One Leader, Two Masters
People in Hong Kong knew in their gut that this day
would come, the day when there would be an inevitable showdown with China over
the former British colony’s autonomy and desire for full democracy in all its
governing institutions.
The many young people and students that have formed
the core of this protest have no memories of Hong Kong before the handover to
China in 1997 nor the wrenching suppression of the protests that occupied Tiananmen
Square for more than a month in 1989.
But they are not too young to have heard the stories
and absorbed the barely suppressed anxieties of their fathers, who in turn,
many of them, heard the stories of their
fathers who had fled China for the safety of Hong Kong after the communists
came to power during the Chinese civil war.
In the years just before the handover many of the
fathers had taken the precaution of acquiring citizenship in other countries
such as Canada and the United States, often leaving families behind for several
years in order to gain the “insurance” of a foreign passport should they have
to flee again.
In the years that immediately followed the handover
many of these fears subsided. Those who had acquired foreign passports quietly
put them away. The units of the People’s Liberation Army that rolled into Hong
Kong on the day after the handover, disappeared into their barracks and were
not seen again.
In retrospect, those early days were perhaps the
golden post-handover years. The mechanics of “one-country, two systems” seemed
to be working fine. On July 1, 2003, a half a million turned out in one massive
protest against proposed laws perceived to violate liberties without the police
having to resort to tear gas.
In a sense, Hong Kong people may have been lulled by
the success of that protest demonstration and others after the government
quietly withdrew the proposed laws. Beijing could decide it was a local screw
up and quietly acquiesce to the protest demands without losing face. That’s not
the case in the current troubles.
The current demonstrations take aim at a decision
that Beijing made through the Standing Committee of the National People’s
Congress to allow a city-wide, popular vote for the Chief Executive, but only
those candidates vetted by a select committee beholden to China.
The protestors are rightly upset about this action,
yet a city-wide election held under those terms need not be meaningless as some
suggest. Not all “pro-Beijing” figures come from the same cookie mold.
Even before the current troubles, Hong Kong people
particularly disdained the current incumbent Leung Cheung-ying. If he had had
to run against another candidate, even a “pro-Beijing” candidate, in a
city-wide election, he might easily have lost.
Indeed, something very similar to a two person race
happened in the last election in 2012 when two candidates contested the small-circle
election. One was Leung and the other was Henry Tang, then the financial
secretary. Tang had to drop out following revelations that he used public money
to enhance his residence and Leung won by default.

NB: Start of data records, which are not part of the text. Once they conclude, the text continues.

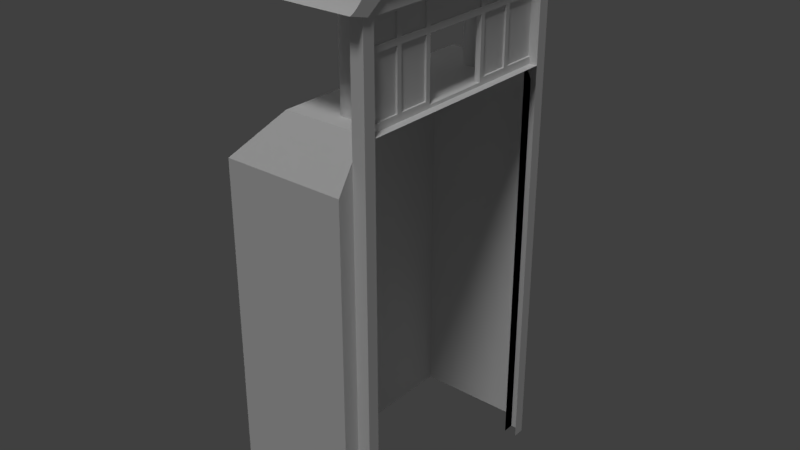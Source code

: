 # Source: dojo_opening.blend  (saved by Blender 2.78.0; exported with 4.5.12 LTS)
import bpy
from mathutils import Matrix  # noqa: F401  (used for matrix-valued properties, if any)

bpy.ops.wm.read_factory_settings(use_empty=True)
scene = bpy.context.scene
scene.name = 'Scene'

# ---- collections
col_collection_1 = bpy.data.collections.new('Collection 1'); scene.collection.children.link(col_collection_1)

# ---- materials (node trees are filled in below, after node groups)
mat_dojo_window = bpy.data.materials.new('dojo_window')
mat_dojo_window.alpha_threshold = 0.0
mat_dojo_window.use_transparent_shadow = False
mat_dojo_window.roughness = 0.5
mat_concrete = bpy.data.materials.new('concrete')
mat_concrete.alpha_threshold = 0.0
mat_concrete.use_transparent_shadow = False
mat_concrete.roughness = 0.5
mat_dojo_wood = bpy.data.materials.new('dojo_wood')
mat_dojo_wood.alpha_threshold = 0.0
mat_dojo_wood.use_transparent_shadow = False
mat_dojo_wood.roughness = 0.5
mat_dojo_roof = bpy.data.materials.new('dojo_roof')
mat_dojo_roof.alpha_threshold = 0.0
mat_dojo_roof.use_transparent_shadow = False
mat_dojo_roof.roughness = 0.5
mat_dojo_rocks = bpy.data.materials.new('dojo_rocks')
mat_dojo_rocks.alpha_threshold = 0.0
mat_dojo_rocks.use_transparent_shadow = False
mat_dojo_rocks.roughness = 0.5

# ---- node groups
ng_auto_smooth = bpy.data.node_groups.new('Auto Smooth', 'GeometryNodeTree')
_s = ng_auto_smooth.interface.new_socket(name='Geometry', in_out='OUTPUT', socket_type='NodeSocketGeometry')
_s = ng_auto_smooth.interface.new_socket(name='Geometry', in_out='INPUT', socket_type='NodeSocketGeometry')
_s = ng_auto_smooth.interface.new_socket(name='Angle', in_out='INPUT', socket_type='NodeSocketFloat')
_s.subtype = 'ANGLE'
_s.min_value = 0.0
_s.max_value = 3.142
ng_auto_smooth.is_modifier = True
_N = ng_auto_smooth.nodes; _L = ng_auto_smooth.links
n0 = _N.new('NodeGroupOutput'); n0.name = 'Group Output'; n0.location = (480, -100)
n1 = _N.new('NodeGroupInput'); n1.name = 'Group Input'; n1.location = (-420, -300)
n2 = _N.new('NodeGroupInput'); n2.name = 'Group Input.001'; n2.location = (-60, -100)
n3 = _N.new('GeometryNodeSetShadeSmooth'); n3.name = 'Set Shade Smooth'; n3.location = (120, -100)
n3.domain = 'EDGE'
n4 = _N.new('GeometryNodeSetShadeSmooth'); n4.name = 'Set Shade Smooth.001'; n4.location = (300, -100)
n5 = _N.new('GeometryNodeInputMeshEdgeAngle'); n5.name = 'Edge Angle'; n5.location = (-420, -220)
n6 = _N.new('GeometryNodeInputEdgeSmooth'); n6.name = 'Is Edge Smooth'; n6.location = (-60, -160)
n7 = _N.new('GeometryNodeInputShadeSmooth'); n7.name = 'Is Face Smooth'; n7.location = (-240, -340)
n8 = _N.new('FunctionNodeBooleanMath'); n8.name = 'Boolean Math'; n8.location = (-60, -220)
n9 = _N.new('FunctionNodeCompare'); n9.name = 'Compare'; n9.location = (-240, -180)
n9.operation = 'LESS_EQUAL'
_L.new(n5.outputs[0], n9.inputs[0])
_L.new(n4.outputs[0], n0.inputs[0])
_L.new(n1.outputs[1], n9.inputs[1])
_L.new(n9.outputs[0], n8.inputs[0])
_L.new(n7.outputs[0], n8.inputs[1])
_L.new(n2.outputs[0], n3.inputs[0])
_L.new(n6.outputs[0], n3.inputs[1])
_L.new(n3.outputs[0], n4.inputs[0])
_L.new(n8.outputs[0], n3.inputs[2])
n0.is_active_output = True

# ---- material node trees

# ---- world
world_world = bpy.data.worlds.new('World'); scene.world = world_world
world_world.color = (0.05088, 0.05088, 0.05088)
world_world.use_sun_shadow = False
world_world.sun_shadow_jitter_overblur = 0.0
world_world.cycles.sampling_method = 'MANUAL'

# ---- lights
light_sun_001 = bpy.data.lights.new('Sun.001', 'SUN')
light_sun_001.transmission_factor = 0.0
light_sun_001.angle = 0.1993
light_sun_001.energy = 1.0
light_sun_001.shadow_buffer_clip_start = 0.5
light_sun_001.shadow_soft_size = 0.1
light_sun_001.shadow_cascade_max_distance = 1000.0
light_sun = bpy.data.lights.new('Sun', 'SUN')
light_sun.transmission_factor = 0.0
light_sun.angle = 0.1993
light_sun.energy = 1.0
light_sun.shadow_buffer_clip_start = 0.5
light_sun.shadow_soft_size = 0.1
light_sun.shadow_cascade_max_distance = 1000.0

# ---- meshes
me_cylinder = bpy.data.meshes.new('Cylinder')
me_cylinder.from_pydata([(3.458e-08, -0.46, 0.0), (3.458e-08, -0.46, 0.7029), (0.01449, -0.4615, 0.0), (0.01449, -0.4615, 0.7029), (0.02841, -0.4657, 0.0), (0.02841, -0.4657, 0.7029), (0.04125, -0.4726, 0.0), (0.04125, -0.4726, 0.7029), (0.0525, -0.4818, 0.0), (0.0525, -0.4818, 0.7029), (0.06174, -0.493, 0.0), (0.06174, -0.493, 0.7029), (0.0686, -0.5059, 0.0), (0.0686, -0.5059, 0.7029), (0.07282, -0.5198, 0.0), (0.07282, -0.5198, 0.7029), (0.07425, -0.5343, 0.0), (0.07425, -0.5343, 0.7029), (0.07282, -0.5488, 0.0), (0.07282, -0.5488, 0.7029), (0.0686, -0.5627, 0.0), (0.0686, -0.5627, 0.7029), (0.06174, -0.5755, 0.0), (0.06174, -0.5755, 0.7029), (0.0525, -0.5868, 0.0), (0.0525, -0.5868, 0.7029), (0.04125, -0.596, 0.0), (0.04125, -0.596, 0.7029), (0.02841, -0.6029, 0.0), (0.02841, -0.6029, 0.7029), (0.01449, -0.6071, 0.0), (0.01449, -0.6071, 0.7029), (1.038e-08, -0.6085, 0.0), (1.038e-08, -0.6085, 0.7029), (-0.01449, -0.6071, 0.0), (-0.01449, -0.6071, 0.7029), (-0.02841, -0.6029, 0.0), (-0.02841, -0.6029, 0.7029), (-0.04125, -0.596, 0.0), (-0.04125, -0.596, 0.7029), (-0.0525, -0.5868, 0.0), (-0.0525, -0.5868, 0.7029), (-0.06174, -0.5755, 0.0), (-0.06174, -0.5755, 0.7029), (-0.0686, -0.5627, 0.0), (-0.0686, -0.5627, 0.7029), (-0.07282, -0.5488, 0.0), (-0.07282, -0.5488, 0.7029), (-0.07425, -0.5343, 0.0), (-0.07425, -0.5343, 0.7029), (-0.07282, -0.5198, 0.0), (-0.07282, -0.5198, 0.7029), (-0.0686, -0.5059, 0.0), (-0.0686, -0.5059, 0.7029), (-0.06174, -0.493, 0.0), (-0.06174, -0.493, 0.7029), (-0.0525, -0.4818, 0.0), (-0.0525, -0.4818, 0.7029), (-0.04125, -0.4726, 0.0), (-0.04125, -0.4726, 0.7029), (-0.02841, -0.4657, 0.0), (-0.02841, -0.4657, 0.7029), (-0.01449, -0.4615, 0.0), (-0.01449, -0.4615, 0.7029), (-0.5943, -0.9072, -0.2924), (-0.5943, 0.0, -0.2924), (0.2202, 0.0, 0.0), (-0.3944, 0.0, 0.7434), (-0.4135, 0.0, 0.7184), (-0.4325, 0.0, 0.6974), (-0.3182, -0.7224, 0.0), (0.07425, -0.7224, 0.0), (-0.3182, 0.0, 0.0), (-0.07425, -0.7224, 0.0), (0.2202, -0.9072, -0.2924), (-0.4516, 0.0, 0.6804), (0.2202, -0.7224, 0.0), (-0.4707, -0.9072, 0.7396), (-0.4707, 0.0, 0.6674), (0.3227, 0.0, 0.8782), (-0.3373, -0.7455, 0.846), (-0.3373, 0.0, 0.8417), (-0.3563, 0.0, 0.8054), (-0.3182, -0.7224, 0.8787), (-0.3563, -0.7686, 0.8167), (-0.3182, 0.0, 0.8782), (-0.3754, -0.7917, 0.7901), (0.3227, -0.9072, 0.6674), (-0.3754, 0.0, 0.7724), (0.3227, -0.7224, 0.8782), (-0.3944, -0.8148, 0.7693), (-0.4135, -0.8379, 0.7542), (-0.4325, -0.861, 0.7445), (-0.4516, -0.8841, 0.7398), (0.3227, -0.8841, 0.6793), (0.3227, -0.861, 0.6957), (0.3227, -0.8379, 0.7165), (0.3227, -0.8148, 0.7416), (0.3227, -0.7917, 0.7712), (0.3227, -0.7686, 0.8051), (0.3227, -0.7455, 0.8417), (-0.2584, -0.7224, 0.8782), (-0.1986, -0.7224, 0.8782), (-0.1387, -0.7224, 0.8782), (-0.07891, -0.7224, 0.8782), (-0.01909, -0.7224, 0.8782), (0.04074, -0.7224, 0.8782), (0.1006, -0.7224, 0.8782), (0.1604, -0.7224, 0.8782), (-0.3939, -0.9072, 0.7185), (-0.3171, -0.9072, 0.6978), (-0.2404, -0.9072, 0.6793), (-0.1636, -0.9072, 0.6689), (-0.08685, -0.9072, 0.6674), (-0.01008, -0.9072, 0.6674), (0.06668, -0.9072, 0.6674), (0.1434, -0.9072, 0.6674), (-0.2753, -0.7455, 0.8423), (-0.2134, -0.7455, 0.8417), (-0.1514, -0.7455, 0.8417), (-0.0895, -0.7455, 0.8417), (-0.02756, -0.7455, 0.8417), (0.03438, -0.7455, 0.8417), (0.09632, -0.7455, 0.8417), (0.1583, -0.7455, 0.8417), (-0.2923, -0.7686, 0.8095), (-0.2282, -0.7686, 0.8056), (-0.1641, -0.7686, 0.8051), (-0.1001, -0.7686, 0.8051), (-0.03603, -0.7686, 0.8051), (0.02803, -0.7686, 0.8051), (0.09209, -0.7686, 0.8051), (0.1561, -0.7686, 0.8051), (-0.3092, -0.7917, 0.7807), (-0.243, -0.7917, 0.7731), (-0.1768, -0.7917, 0.7701), (-0.1107, -0.7917, 0.7702), (-0.0445, -0.7917, 0.7704), (0.02168, -0.7917, 0.7706), (0.08785, -0.7917, 0.7708), (0.154, -0.7917, 0.771), (-0.3261, -0.8148, 0.7579), (-0.2578, -0.8148, 0.7472), (-0.1896, -0.8148, 0.7409), (-0.1213, -0.8148, 0.7399), (-0.05297, -0.8148, 0.7403), (0.01533, -0.8148, 0.7406), (0.08362, -0.8148, 0.7409), (0.1519, -0.8148, 0.7413), (-0.3431, -0.8379, 0.7408), (-0.2727, -0.8379, 0.7277), (-0.2023, -0.8379, 0.718), (-0.1318, -0.8379, 0.7145), (-0.06144, -0.8379, 0.7149), (0.008974, -0.8379, 0.7153), (0.07938, -0.8379, 0.7157), (0.1498, -0.8379, 0.7161), (-0.36, -0.861, 0.7291), (-0.2875, -0.861, 0.7139), (-0.215, -0.861, 0.6998), (-0.1424, -0.861, 0.6941), (-0.06991, -0.861, 0.6943), (0.002622, -0.861, 0.6946), (0.07515, -0.861, 0.695), (0.1477, -0.861, 0.6953), (-0.377, -0.8841, 0.7225), (-0.3023, -0.8841, 0.7033), (-0.2277, -0.8841, 0.6869), (-0.153, -0.8841, 0.6789), (-0.07838, -0.8841, 0.6784), (-0.00373, -0.8841, 0.6787), (0.07091, -0.8841, 0.6789), (0.1456, -0.8841, 0.6791), (-0.4707, -0.1134, 0.6674), (-0.4707, -0.2268, 0.6674), (-0.4707, -0.3402, 0.6674), (-0.4707, -0.4536, 0.6674), (-0.4707, -0.567, 0.6674), (-0.4707, -0.6804, 0.68), (-0.4707, -0.7938, 0.7085), (-0.3182, -0.0903, 0.8782), (-0.3182, -0.1806, 0.8782), (-0.3182, -0.2709, 0.8782), (-0.3182, -0.3612, 0.8782), (-0.3182, -0.4515, 0.8782), (-0.3182, -0.5418, 0.8782), (-0.3182, -0.6321, 0.8782), (-0.3373, -0.09319, 0.8417), (-0.3373, -0.1864, 0.8417), (-0.3373, -0.2796, 0.8417), (-0.3373, -0.3727, 0.8417), (-0.3373, -0.4659, 0.8417), (-0.3373, -0.5591, 0.8417), (-0.3373, -0.6523, 0.8417), (-0.3563, -0.09607, 0.8054), (-0.3563, -0.1921, 0.8053), (-0.3563, -0.2882, 0.8053), (-0.3563, -0.3843, 0.8053), (-0.3563, -0.4804, 0.8052), (-0.3563, -0.5764, 0.8052), (-0.3563, -0.6725, 0.8065), (-0.3754, -0.09896, 0.7721), (-0.3754, -0.1979, 0.7717), (-0.3754, -0.2969, 0.7713), (-0.3754, -0.3958, 0.7709), (-0.3754, -0.4948, 0.7706), (-0.3754, -0.5938, 0.7702), (-0.3754, -0.6927, 0.7754), (-0.3944, -0.1019, 0.7428), (-0.3944, -0.2037, 0.7422), (-0.3944, -0.3056, 0.7416), (-0.3944, -0.4074, 0.741), (-0.3944, -0.5093, 0.7404), (-0.3944, -0.6111, 0.7404), (-0.3944, -0.713, 0.751), (-0.4135, -0.1047, 0.7177), (-0.4135, -0.2095, 0.717), (-0.4135, -0.3142, 0.7163), (-0.4135, -0.419, 0.7156), (-0.4135, -0.5237, 0.7149), (-0.4135, -0.6284, 0.717), (-0.4135, -0.7332, 0.7328), (-0.4325, -0.1076, 0.6968), (-0.4325, -0.2153, 0.6962), (-0.4325, -0.3229, 0.6955), (-0.4325, -0.4305, 0.6949), (-0.4325, -0.5381, 0.6943), (-0.4325, -0.6458, 0.6996), (-0.4325, -0.7534, 0.7201), (-0.4516, -0.1105, 0.68), (-0.4516, -0.221, 0.6796), (-0.4516, -0.3315, 0.6792), (-0.4516, -0.4421, 0.6788), (-0.4516, -0.5526, 0.6784), (-0.4516, -0.6631, 0.6871), (-0.4516, -0.7736, 0.7125), (-0.3767, -0.7839, 0.6356), (-0.3767, 0.0, 0.6356), (0.3227, -0.7839, 0.6356), (-0.3104, -0.7839, 0.6356), (-0.2441, -0.7839, 0.6356), (-0.1777, -0.7839, 0.6356), (-0.3767, -0.5879, 0.6356), (-0.3767, -0.6859, 0.6356), (-0.2831, -0.6609, 0.7217), (-0.2831, 0.0, 0.7217), (0.3227, -0.6609, 0.7217), (0.3227, 0.0, 0.7217), (0.2202, 0.0, 0.5908), (0.2202, -0.7224, 0.5908), (0.2202, -0.223, 0.0), (0.2202, -0.223, 0.5908), (0.2202, 0.0, 0.4495), (0.2202, 0.0, 0.4131), (0.2202, -0.7224, 0.4131), (0.2202, -0.7224, 0.4495), (0.2202, -0.223, 0.4131), (0.2202, -0.223, 0.4495), (0.2202, -0.4889, 0.0), (0.2202, -0.4565, 0.0), (0.2202, -0.4889, 0.5908), (0.2202, -0.4565, 0.5908), (0.2202, -0.4889, 0.4131), (0.2202, -0.4565, 0.4131), (0.2202, -0.4889, 0.4495), (0.2202, -0.4565, 0.4495), (0.2202, -0.2544, 0.5908), (0.2202, -0.2544, 0.4131), (0.2202, -0.2544, 0.4495), (0.2325, -0.223, 0.5908), (0.2325, 0.0, 0.5908), (0.2325, -0.7224, 0.4495), (0.2325, -0.7224, 0.5908), (0.2325, -0.223, 0.4495), (0.2325, 0.0, 0.4495), (0.2325, -0.7224, 0.4131), (0.2325, -0.4889, 0.5908), (0.2325, -0.4889, 0.4131), (0.2325, -0.4889, 0.4495), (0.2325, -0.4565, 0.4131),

Many of the protestors and others in the pro-democracy
camp, yearn to elect as chief executive a kind of Chinese version of the last
British governor, Chris Patten, something that Beijing simply would not
countenance.
In fact, there is such a person in Anson Chan, whose
term as chief secretary (ie head of the civil service) straddled the 1997
handover of Hong Kong to China. Beijing despises Chan, not just because she was
appointed by Patten (whom the Chinese also despised) but because of her
frequent jabs at Beijing’s leadership.
If Hong Kongers were free to nominate whomever they
chose, they would undoubtedly pick Chan as one of the candidates, and she would
almost certainly win in an open election. I’ve long suspected that Beijing
would delay any free vote until she had passed from the scene.
But at age 74, she seems as vigorous and feisty as
ever. She had thrown herself into the current dispute through such actions as
her recent speech to the Foreign Correspondent’s Club of Hong Kong and op-ed
piece in Time.
“I think people have demonstrated that we want the
whole loaf, not half a loaf. And we certainly do not want a loaf that is rotten
through and through” was among her choicer quotes during her recent speech at the
Hong Kong FCC.
Before the handover many people assumed that the
chief executive (replacing the British colonial governor) must come from the
business community, somebody highly in tune with the business life blood of
Hong Kong.
That has proven to be a bad assumption. Hong Kong
has had two chiefs from the tycoon class, and they were and are both failures.
Through the Asian Financial Crisis and other economic trials, Hong Kong showed
that the economy could pretty much run itself.
What it lacks are political leaders.
Rather than the one-country, two systems construct,
a better term for the current political crisis might be “one leader, two
masters”. Any Hong Kong chief must somehow please or appease two “masters”, Beijing
and the Hong Kong people.
It is a task that requires the extraordinary dexterity
and political skill that none of the three post-handover chiefs has ever come
close to displaying. Maybe it is beyond any body’s abilities.